There have also been reductions via the First Step act but I don't know how that ended up. You got reductions for working at the Federal slave labor sweatshop (UNICOR) and for 'Programming' (taking their classes) but the BOP was fighting these pretty hard back when I was paying attention to these things a few years ago.

yeah, it is actually a poor deal compared to state crimes, which can have parole.
This would have been a much better response by the Bureau of Prisons than "for privacy, safety and security reasons, our office does not comment on the conditions of confinement for any inmate, including release planning or release plans" [1].

[1] https://nypost.com/2023/07/10/elizabeth-holmes-gets-prison-t...

There's nuance to a different answer and the BOP isn't about nuance. They are about enforcing very rigid fixed rules. I am sure that they have no flexibility in their response ('When asked about release dates, respond with this').

Edit: The saddest thing about this is major reporting outlets have no idea how our prison system works. But I get it. I didn't either until I fell out of the world.

Makes you wonder how bad Gizmodo “journalists” are. Are they really just dumb or malicious?
The article says that federal prisoners' "good time" sentence reductions are automatically provided up front but you can lose good time and thus extend your sentence. That's smart thinking, to take advantage of loss aversion, a now-well-documented psychological phenomenon in behavioral economics [0].

(I do the same in my law-school classes: Students automatically get an up-front "signing bonus" for attendance in points on their final-grade total, but they can lose points by exceeding stated absence thresholds [1]. It works quite well for that purpose.)

[0] https://www.investopedia.com/terms/l/loss-psychology.asp

[1] https://toedtclassnotes.site44.com/Syllabus.html#orgdc01c7d

It doesn't really work that well. 15% just isn't enough of a motivator when considering the other factors at play on the inside (except for people who aren't totally broken that have kids they want to get back to or family members that might die within that window).
> It doesn't really work that well. 15% just isn't enough of a motivator when considering the other factors at play on the inside

I'm curious about the basis for your opinion; do you have first-hand personal experience?

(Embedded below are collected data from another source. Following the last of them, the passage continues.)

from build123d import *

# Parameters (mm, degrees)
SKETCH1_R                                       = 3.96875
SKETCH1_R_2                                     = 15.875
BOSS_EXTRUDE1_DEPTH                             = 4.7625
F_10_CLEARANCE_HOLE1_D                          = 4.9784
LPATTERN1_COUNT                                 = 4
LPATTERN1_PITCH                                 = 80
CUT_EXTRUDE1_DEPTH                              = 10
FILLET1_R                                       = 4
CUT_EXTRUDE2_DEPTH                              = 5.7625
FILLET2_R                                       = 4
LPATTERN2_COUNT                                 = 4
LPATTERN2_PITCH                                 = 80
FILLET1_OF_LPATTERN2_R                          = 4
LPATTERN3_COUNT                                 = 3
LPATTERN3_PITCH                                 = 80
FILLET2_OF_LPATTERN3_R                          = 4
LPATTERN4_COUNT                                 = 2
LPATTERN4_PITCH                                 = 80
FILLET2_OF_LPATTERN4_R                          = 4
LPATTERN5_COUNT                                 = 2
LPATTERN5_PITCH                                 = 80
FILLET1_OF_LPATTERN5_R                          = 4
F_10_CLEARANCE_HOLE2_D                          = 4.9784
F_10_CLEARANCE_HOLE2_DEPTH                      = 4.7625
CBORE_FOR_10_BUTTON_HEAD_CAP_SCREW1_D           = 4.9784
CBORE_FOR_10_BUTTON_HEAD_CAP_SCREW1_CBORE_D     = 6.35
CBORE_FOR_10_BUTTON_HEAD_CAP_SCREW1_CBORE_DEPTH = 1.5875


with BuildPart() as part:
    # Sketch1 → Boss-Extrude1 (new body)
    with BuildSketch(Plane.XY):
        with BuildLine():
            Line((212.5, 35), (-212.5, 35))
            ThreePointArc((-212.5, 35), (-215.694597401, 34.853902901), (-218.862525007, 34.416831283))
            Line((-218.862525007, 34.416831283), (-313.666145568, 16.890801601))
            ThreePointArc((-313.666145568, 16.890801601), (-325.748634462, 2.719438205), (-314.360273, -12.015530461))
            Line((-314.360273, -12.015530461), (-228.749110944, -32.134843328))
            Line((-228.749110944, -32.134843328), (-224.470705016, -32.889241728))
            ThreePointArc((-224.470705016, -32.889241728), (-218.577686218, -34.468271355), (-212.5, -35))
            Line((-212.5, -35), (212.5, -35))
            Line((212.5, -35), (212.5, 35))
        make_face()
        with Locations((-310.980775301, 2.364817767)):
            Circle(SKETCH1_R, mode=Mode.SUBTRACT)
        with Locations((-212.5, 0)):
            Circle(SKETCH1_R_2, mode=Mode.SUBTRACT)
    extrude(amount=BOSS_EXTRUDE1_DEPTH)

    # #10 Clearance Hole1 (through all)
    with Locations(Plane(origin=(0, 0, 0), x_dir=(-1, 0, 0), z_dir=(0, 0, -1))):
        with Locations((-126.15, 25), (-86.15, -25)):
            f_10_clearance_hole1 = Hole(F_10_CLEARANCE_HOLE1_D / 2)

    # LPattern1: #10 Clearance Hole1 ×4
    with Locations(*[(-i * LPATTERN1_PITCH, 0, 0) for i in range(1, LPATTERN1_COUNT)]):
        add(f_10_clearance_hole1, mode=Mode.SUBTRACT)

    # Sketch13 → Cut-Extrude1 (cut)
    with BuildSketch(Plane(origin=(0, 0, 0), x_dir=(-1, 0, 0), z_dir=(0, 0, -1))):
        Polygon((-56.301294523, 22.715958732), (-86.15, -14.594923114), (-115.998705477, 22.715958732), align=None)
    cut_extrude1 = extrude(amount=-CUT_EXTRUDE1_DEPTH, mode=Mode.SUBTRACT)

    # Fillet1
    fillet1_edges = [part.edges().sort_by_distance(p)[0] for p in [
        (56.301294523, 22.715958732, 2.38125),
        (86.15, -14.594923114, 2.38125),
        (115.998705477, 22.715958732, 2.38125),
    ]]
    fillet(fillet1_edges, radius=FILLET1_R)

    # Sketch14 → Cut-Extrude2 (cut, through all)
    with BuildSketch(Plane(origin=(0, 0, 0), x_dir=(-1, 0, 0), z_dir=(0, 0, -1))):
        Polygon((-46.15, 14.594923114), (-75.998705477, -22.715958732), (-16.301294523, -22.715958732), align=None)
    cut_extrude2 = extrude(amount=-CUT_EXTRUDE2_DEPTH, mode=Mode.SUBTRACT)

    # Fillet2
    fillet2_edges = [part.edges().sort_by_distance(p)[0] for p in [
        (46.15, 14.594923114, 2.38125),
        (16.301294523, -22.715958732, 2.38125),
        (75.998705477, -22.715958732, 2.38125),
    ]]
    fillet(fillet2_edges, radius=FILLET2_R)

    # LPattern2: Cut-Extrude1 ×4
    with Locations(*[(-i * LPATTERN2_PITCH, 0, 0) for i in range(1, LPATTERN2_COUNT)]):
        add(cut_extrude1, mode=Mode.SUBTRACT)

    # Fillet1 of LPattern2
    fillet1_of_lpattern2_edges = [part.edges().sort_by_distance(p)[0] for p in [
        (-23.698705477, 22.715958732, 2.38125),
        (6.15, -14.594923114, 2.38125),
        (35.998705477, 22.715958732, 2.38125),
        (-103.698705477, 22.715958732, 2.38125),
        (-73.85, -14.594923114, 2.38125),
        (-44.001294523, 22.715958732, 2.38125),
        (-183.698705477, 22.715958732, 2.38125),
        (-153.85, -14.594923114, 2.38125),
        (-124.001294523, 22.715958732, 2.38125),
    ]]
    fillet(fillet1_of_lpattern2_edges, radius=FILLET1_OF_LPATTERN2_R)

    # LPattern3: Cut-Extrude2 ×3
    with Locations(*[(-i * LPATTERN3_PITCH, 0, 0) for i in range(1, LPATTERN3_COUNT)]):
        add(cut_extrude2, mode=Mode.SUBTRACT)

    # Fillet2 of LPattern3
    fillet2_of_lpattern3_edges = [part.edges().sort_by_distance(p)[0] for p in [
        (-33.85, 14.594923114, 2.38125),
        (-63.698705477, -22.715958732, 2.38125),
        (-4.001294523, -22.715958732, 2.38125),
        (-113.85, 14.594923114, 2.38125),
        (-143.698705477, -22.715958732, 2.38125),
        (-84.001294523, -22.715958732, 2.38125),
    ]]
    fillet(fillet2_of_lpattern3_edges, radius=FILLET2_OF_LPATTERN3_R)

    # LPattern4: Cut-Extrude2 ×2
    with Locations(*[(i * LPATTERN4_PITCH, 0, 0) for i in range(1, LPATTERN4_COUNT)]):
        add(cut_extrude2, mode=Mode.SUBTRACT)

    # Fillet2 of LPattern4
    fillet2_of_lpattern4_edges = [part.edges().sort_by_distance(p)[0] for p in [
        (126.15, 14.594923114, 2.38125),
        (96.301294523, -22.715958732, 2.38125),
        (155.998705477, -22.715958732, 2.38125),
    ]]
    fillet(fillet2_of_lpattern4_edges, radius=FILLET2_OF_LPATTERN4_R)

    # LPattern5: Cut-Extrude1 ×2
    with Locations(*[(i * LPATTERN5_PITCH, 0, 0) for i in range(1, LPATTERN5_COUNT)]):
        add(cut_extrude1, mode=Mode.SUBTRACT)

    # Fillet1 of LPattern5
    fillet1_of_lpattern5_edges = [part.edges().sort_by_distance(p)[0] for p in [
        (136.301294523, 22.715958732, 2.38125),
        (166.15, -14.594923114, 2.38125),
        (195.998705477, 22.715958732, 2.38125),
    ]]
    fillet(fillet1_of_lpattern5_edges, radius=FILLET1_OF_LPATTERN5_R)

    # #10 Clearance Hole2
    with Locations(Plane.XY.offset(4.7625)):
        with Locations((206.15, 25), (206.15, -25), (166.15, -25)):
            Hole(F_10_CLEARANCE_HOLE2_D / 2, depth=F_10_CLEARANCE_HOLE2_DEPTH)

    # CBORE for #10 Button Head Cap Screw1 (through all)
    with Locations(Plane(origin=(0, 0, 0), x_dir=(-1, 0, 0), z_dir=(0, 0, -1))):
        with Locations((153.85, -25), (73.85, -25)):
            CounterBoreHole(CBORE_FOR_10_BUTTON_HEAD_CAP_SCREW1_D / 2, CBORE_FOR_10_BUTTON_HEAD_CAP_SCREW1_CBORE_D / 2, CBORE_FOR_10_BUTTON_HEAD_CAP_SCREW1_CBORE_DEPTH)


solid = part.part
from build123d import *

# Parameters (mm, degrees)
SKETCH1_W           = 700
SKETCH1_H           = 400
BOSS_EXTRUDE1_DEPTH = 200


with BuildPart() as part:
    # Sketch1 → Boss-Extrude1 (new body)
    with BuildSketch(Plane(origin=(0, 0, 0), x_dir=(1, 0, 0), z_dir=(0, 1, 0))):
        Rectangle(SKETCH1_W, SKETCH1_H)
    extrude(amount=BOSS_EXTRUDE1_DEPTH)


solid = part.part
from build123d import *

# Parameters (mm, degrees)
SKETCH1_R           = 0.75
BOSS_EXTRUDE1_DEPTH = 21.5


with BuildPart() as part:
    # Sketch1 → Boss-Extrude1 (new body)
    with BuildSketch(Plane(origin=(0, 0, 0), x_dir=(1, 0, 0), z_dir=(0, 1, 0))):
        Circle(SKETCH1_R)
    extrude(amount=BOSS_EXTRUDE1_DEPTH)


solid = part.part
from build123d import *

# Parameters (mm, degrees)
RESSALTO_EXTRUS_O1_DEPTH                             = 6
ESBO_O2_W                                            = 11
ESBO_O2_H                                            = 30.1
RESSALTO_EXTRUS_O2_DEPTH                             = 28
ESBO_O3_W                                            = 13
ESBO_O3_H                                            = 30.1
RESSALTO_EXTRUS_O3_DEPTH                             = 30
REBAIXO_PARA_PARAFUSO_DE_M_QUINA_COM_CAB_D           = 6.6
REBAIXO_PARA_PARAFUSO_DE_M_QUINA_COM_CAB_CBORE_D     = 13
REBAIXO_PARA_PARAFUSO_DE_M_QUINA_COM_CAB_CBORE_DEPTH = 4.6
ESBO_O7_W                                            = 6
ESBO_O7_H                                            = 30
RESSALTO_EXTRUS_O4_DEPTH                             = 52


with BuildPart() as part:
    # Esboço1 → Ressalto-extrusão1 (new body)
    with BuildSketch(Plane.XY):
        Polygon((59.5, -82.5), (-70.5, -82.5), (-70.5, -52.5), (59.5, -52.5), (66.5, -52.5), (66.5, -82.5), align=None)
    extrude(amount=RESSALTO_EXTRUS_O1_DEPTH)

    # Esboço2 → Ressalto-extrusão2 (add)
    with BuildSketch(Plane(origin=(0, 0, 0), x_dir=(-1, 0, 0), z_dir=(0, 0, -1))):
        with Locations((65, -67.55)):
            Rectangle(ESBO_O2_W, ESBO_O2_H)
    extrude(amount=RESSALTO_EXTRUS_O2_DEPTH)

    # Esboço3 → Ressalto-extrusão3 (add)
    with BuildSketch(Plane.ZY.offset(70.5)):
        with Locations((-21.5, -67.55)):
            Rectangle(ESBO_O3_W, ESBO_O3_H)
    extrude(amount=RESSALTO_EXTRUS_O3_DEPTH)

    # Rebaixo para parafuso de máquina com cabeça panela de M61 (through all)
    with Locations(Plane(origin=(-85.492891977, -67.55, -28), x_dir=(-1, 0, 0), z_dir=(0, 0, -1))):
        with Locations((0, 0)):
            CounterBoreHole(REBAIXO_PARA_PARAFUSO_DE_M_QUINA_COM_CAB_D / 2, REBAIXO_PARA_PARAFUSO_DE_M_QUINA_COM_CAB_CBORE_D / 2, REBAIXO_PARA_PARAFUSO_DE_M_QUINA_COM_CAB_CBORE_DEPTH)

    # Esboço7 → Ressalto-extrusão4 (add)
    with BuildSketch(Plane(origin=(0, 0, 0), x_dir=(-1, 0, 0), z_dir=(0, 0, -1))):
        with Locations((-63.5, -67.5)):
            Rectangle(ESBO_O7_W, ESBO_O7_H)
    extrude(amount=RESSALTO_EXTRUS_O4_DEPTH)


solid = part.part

Yes. Years and years and years of it.
If we're asking whether the policy works or not, we need to look at all inmates, not personal experience. What percentage of inmates receive early release? Does that percentage change when it's not given up front, but accrued over time? What percentage of prisoners who receive early release say they would have behaved worse if not for the policy? Is behavior worse when there is no conditional early release policy?
If you take away a decade of my life and I know when I release I have no job, I've lost lots of family, I'm willing to trade 1.5 years more time in order to be comfortable/live in the best possible way for the 10 versus get out in 8.5, especially if I am used to getting high and want to keep doing it. The numbers are both too big and too small to make it matter to someone whose calculus got them a 10 year sentence. I tried talking sense into so many youngsters but their lives are gone in their minds. They are going to spend their 20s and parts of their 30s behind bars. They don't care. Their only calculation is to keep their security points down so they don't end up at at a really really hard yard. That was the only thing the youngsters worried about when it came to getting in trouble. And that was mainly because they were afraid of gang rape (I don't know if that's a thing or not, it wasn't at our spot but there was a hyper fear of it going to another spot) beaten and stabbed, or if they had come down in levels zero desire to go back up.
This is why you see a lot of 1 year and 1 day sentences. Any federal sentence 1 year or less must be served 100% in full. If it’s 1 year and 1 day it’s eligible for the time reduction credit and you can serve less than 1 year.